Ostermeier’s Prince of Denmark — played by the mesmerising Lars Eidinger — is a youth who is more at home in the trash aesthetics of a chat show, or reality TV, than at a royal court. His acting out of madness is delirious and deranged, and the production screams with contemporary references, bad language and craziness. With its microphones and video camera, this is a young people’s show — most of the rest of us have seen many of these tricks before. But there are some powerful moments: when I saw it, there was a gasp when Hamlet spat in Ophelia (Judith Rosmair)’s face.

Although you have to admire the sheer energy and punk disrespect of Ostermeier’s vision (there were several walk outs), the one thing that seems less than engaging is the acting. A lot of prat falls and deep immersion in the mud and soil, means that, apart from a handful of strong moments, you couldn’t really relate to any of the characters. In this play, what we long for is the psychiatrist’s couch; what we get instead is the disco floor.

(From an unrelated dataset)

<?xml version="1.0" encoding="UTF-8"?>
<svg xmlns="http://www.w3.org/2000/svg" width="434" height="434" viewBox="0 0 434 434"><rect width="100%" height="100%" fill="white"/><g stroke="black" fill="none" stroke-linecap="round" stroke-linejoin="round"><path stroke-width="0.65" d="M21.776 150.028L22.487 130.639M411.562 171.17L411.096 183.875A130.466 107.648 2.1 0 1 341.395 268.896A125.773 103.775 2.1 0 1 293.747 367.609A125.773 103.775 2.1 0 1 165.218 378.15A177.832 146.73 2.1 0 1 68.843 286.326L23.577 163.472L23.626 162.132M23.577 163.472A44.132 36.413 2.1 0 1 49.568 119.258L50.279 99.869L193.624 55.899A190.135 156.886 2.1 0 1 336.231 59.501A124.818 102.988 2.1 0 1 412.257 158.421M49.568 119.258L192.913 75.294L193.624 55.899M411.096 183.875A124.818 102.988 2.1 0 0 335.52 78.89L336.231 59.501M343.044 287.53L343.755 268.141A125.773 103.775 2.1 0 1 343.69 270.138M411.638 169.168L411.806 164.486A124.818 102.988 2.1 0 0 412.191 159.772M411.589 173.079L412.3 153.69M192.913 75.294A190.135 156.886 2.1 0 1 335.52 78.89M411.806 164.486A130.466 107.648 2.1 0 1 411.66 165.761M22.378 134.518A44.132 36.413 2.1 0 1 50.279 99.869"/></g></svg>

But there is a real thrill in seeing a European director radically redesigning a classic, and this Berlin Hamlet does pack a punch. It reminds you of just how timid our theatre culture is, and will remain so until British directors leave behind their paralysing respect for the Shakespearean text, and get on with producing shows that have the power to excite, while at the same time engaging our emotions.